Berhari-hari Dihantam Dolar, Rupiah Hari ini Sedikit Menguat di Level Rp 17.961

Frankenstein45.Com – 10 Juni 2026 | Setelah beberapa hari berada di bawah tekanan kuat dolar Amerika, nilai tukar rupiah pada hari ini kembali menunjukkan sedikit penguatan, tercatat pada level Rp 17.961 per dolar.

Penurunan nilai mata uang ini dipicu oleh kombinasi faktor eksternal, antara lain penguatan dolar global, aliran keluar modal asing, serta sentimen risiko yang menurun pada pasar emerging.

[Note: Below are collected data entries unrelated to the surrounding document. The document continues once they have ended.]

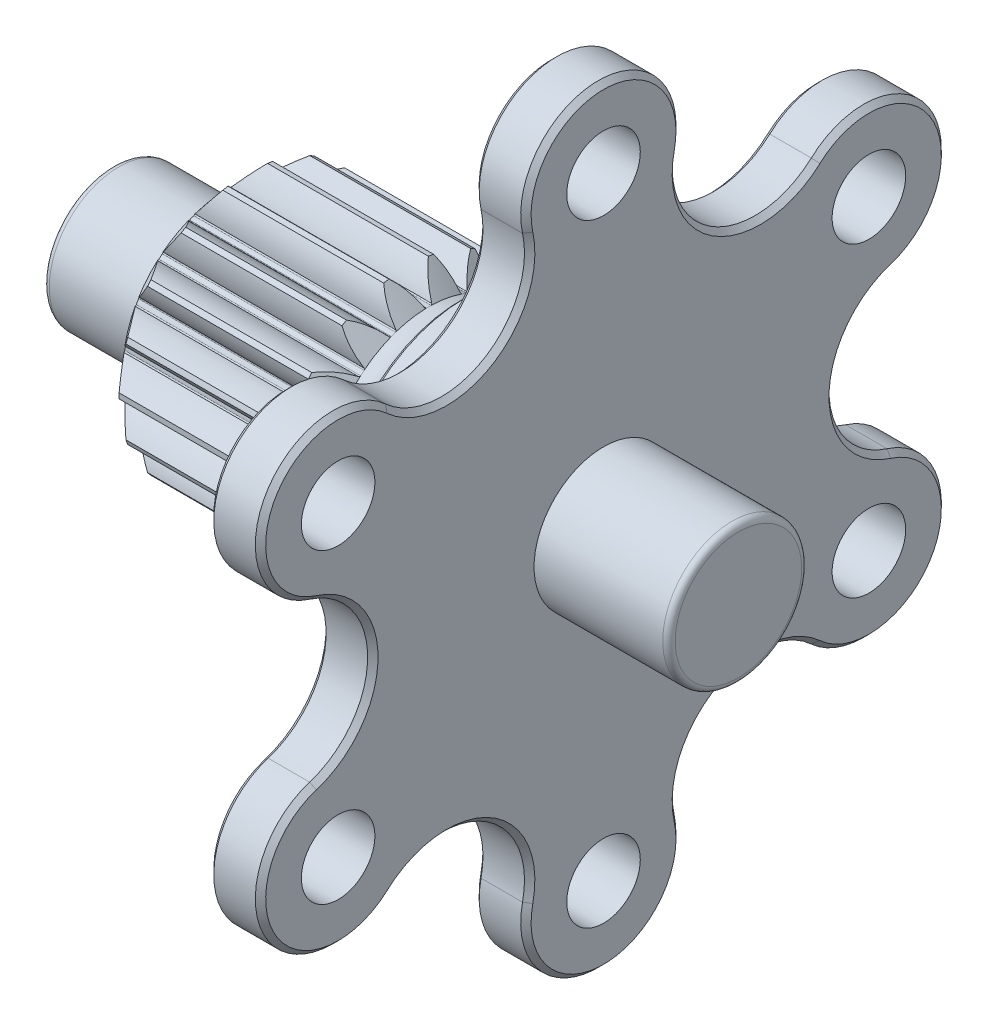
from build123d import *
from OCP.BRepFilletAPI import BRepFilletAPI_MakeChamfer

# Parameters (mm, degrees)
SKETCH1_R              = 47
BASE_EXTRUDE_DEPTH     = 6.35
M8_CLEARANCE_HOLES_D   = 9
CIRPATTERN_COUNT       = 6
CUT_EXTRUDE_DEPTH      = 67.770670957
CUT_EXTRUDE_DEPTH_BACK = 67.770670957
CHAMFER1_SIZE          = 0.635
SKETCH8_R              = 15.748
SHAFT_EXTRUDE_DEPTH    = 52.5820005
CHAMFER3_SIZE          = 0.635
SHAFT_CHAMFER_SIZE     = 1
CUT_EXTRUDE1_START     = -12.856999432
SKETCH45_R             = 15.748
SKETCH45_R_2           = 8.5127
CUT_EXTRUDE1_DEPTH     = 12.856999432
SKETCH55_R             = 8.5
BOSS_EXTRUDE4_DEPTH    = 16.51
SKETCH56_R             = 8.5127
BOSS_EXTRUDE5_DEPTH    = 1.143
FILLET9_R              = 1.524
CUT_EXTRUDE17_START    = -25.4
CUT_EXTRUDE17_DEPTH    = 25.4
CHAMFER6_SIZE          = 2.54
CHAMFER6_SIZE2         = 3.027054125
FILLET10_R             = 1.27
FILLET11_R             = 0.762
FILLET12_R             = 0.762
CHAMFER7_SIZE          = 0.508


with BuildPart() as part:
    # Sketch1 → Base-Extrude (new body)
    with BuildSketch(Plane(origin=(0, 0, 0), x_dir=(0, 0, -1), z_dir=(1, 0, 0))):
        Circle(SKETCH1_R)
    extrude(amount=-BASE_EXTRUDE_DEPTH)

    # M8 Clearance Holes (through all)
    with Locations(Plane(origin=(0, 0, 0), x_dir=(0, 0, -1), z_dir=(1, 0, 0))):
        with Locations((0, -37.5)):
            m8_clearance_holes = Hole(M8_CLEARANCE_HOLES_D / 2)

    # CirPattern: M8 Clearance Holes ×6 about axis
    cirpattern_axis = Axis((0, 0, 0), (1, 0, 0))
    for i in range(1, CIRPATTERN_COUNT):
        add(m8_clearance_holes.rotate(cirpattern_axis, i * 360 / CIRPATTERN_COUNT), mode=Mode.SUBTRACT)

    # Sketch19 → Cut-Extrude (cut, two sides: drawn at the far end of the back side and taken through both)
    with BuildSketch(Plane(origin=(0, 0, 0), x_dir=(0, 0, -1), z_dir=(1, 0, 0)).offset(-CUT_EXTRUDE_DEPTH_BACK)):
        with BuildLine():
            ThreePointArc((9.274838239, 35.443941724), (14.114033661, 24.446223401), (26.057934823, 25.754216393))
            ThreePointArc((26.057934823, 25.754216393), (33.921184851, 28.139425108), (40.703194264, 23.499999504))
            ThreePointArc((40.703194264, 23.499999504), (23.500000227, 40.703193847), (-4.7e-08, 47))
            ThreePointArc((-4.7e-08, 47), (7.40886473, 43.446320157), (9.274838239, 35.443941724))
        make_face()
        with BuildLine():
            ThreePointArc((-26.057934823, 25.754216393), (-14.114033661, 24.446223401), (-9.274838239, 35.443941724))
            ThreePointArc((-9.274838239, 35.443941724), (-7.40886476, 43.44632012), (-4.7e-08, 47))
            ThreePointArc((-4.7e-08, 47), (-23.500000787, 40.703193523), (-40.703194863, 23.499998466))
            ThreePointArc((-40.703194863, 23.499998466), (-33.921185443, 28.139425017), (-26.057934823, 25.754216393))
        make_face()
        with BuildLine():
            ThreePointArc((40.703193464, -23.50000089), (47, -8e-07), (40.703194264, 23.499999504))
            ThreePointArc((40.703194264, 23.499999504), (41.33004921, 15.30689472), (35.332773062, 9.689725331))
            ThreePointArc((35.332773062, 9.689725331), (28.228067323, 0), (35.332773062, -9.689725331))
            ThreePointArc((35.332773062, -9.689725331), (41.330049499, -15.306895465), (40.703193464, -23.50000089))
        make_face()
        with BuildLine():
            ThreePointArc((-35.332773062, 9.689725331), (-41.330048992, 15.306894161), (-40.703194863, 23.499998466))
            ThreePointArc((-40.703194863, 23.499998466), (-47, -6.9e-08), (-40.703194794, -23.499998586))
            ThreePointArc((-40.703194794, -23.499998586), (-41.330049018, -15.306894226), (-35.332773062, -9.689725331))
            ThreePointArc((-35.332773062, -9.689725331), (-28.228067323, 0), (-35.332773062, 9.689725331))
        make_face()
        with BuildLine():
            ThreePointArc((-26.057934823, -25.754216393), (-33.921185375, -28.139425028), (-40.703194794, -23.499998586))
            ThreePointArc((-40.703194794, -23.499998586), (-23.500000688, -40.703193581), (4.4e-08, -47))
            ThreePointArc((4.4e-08, -47), (-7.408864732, -43.446320155), (-9.274838239, -35.443941724))
            ThreePointArc((-9.274838239, -35.443941724), (-14.114033661, -24.446223401), (-26.057934823, -25.754216393))
        make_face()
        with BuildLine():
            ThreePointArc((4.4e-08, -47), (23.499999574, -40.703194224), (40.703193464, -23.50000089))
            ThreePointArc((40.703193464, -23.50000089), (33.92118406, -28.13942523), (26.057934823, -25.754216393))
            ThreePointArc((26.057934823, -25.754216393), (14.114033661, -24.446223401), (9.274838239, -35.443941724))
            ThreePointArc((9.274838239, -35.443941724), (7.408864759, -43.446320121), (4.4e-08, -47))
        make_face()
    extrude(amount=CUT_EXTRUDE_DEPTH + CUT_EXTRUDE_DEPTH_BACK, mode=Mode.SUBTRACT)

    # Chamfer1
    chamfer1_edges = [part.edges().sort_by_distance(p)[0] for p in [
        (-6.35, -24.446223401, 14.114033661),
        (-6.35, 24.446223401, -14.114033661),
        (-6.35, 24.446223401, 14.114033661),
        (-6.35, 23.5, 40.703193978),
        (-6.35, 47, 0),
        (-6.35, -24.446223401, -14.114033661),
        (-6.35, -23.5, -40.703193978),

Bank Indonesia (BI) bersama pemerintah merespons situasi tersebut dengan meningkatkan imbal hasil obligasi negara dan sukuk. Kebijakan ini bertujuan untuk menarik kembali aliran investasi asing ke pasar keuangan domestik, sekaligus menstabilkan nilai tukar.

Berikut rangkuman langkah kebijakan yang diambil:

  • Peningkatan suku bunga acuan BI menjadi 5,75%.
  • Penerbitan obligasi pemerintah dengan kupon lebih tinggi dibandingkan periode sebelumnya.
  • Pemberian insentif pajak bagi investor asing yang menempatkan dana di pasar modal Indonesia.

Pergerakan nilai tukar selama seminggu terakhir dapat dilihat pada tabel di bawah ini:

Tanggal Rate (Rp/USD)
01 Juni 2026 17.980
02 Juni 2026 17.975
03 Juni 2026 17.970
04 Juni 2026 17.965
05 Juni 2026 17.961

Penguatan ringan ini masih berada di zona rentan, sehingga para pelaku pasar tetap memantau kebijakan moneter serta perkembangan geopolitik yang dapat memengaruhi arus modal. Jika kebijakan imbal hasil berhasil menarik investasi kembali, rupiah berpotensi menguat lebih lanjut. Sebaliknya, tekanan eksternal yang terus berlanjut dapat memaksa otoritas kembali menyesuaikan kebijakan.

Secara keseluruhan, langkah peningkatan imbal hasil menunjukkan komitmen pemerintah untuk menstabilkan nilai tukar dan mengembalikan kepercayaan investor, meskipun tantangan global masih menjadi faktor utama yang memengaruhi pergerakan rupiah.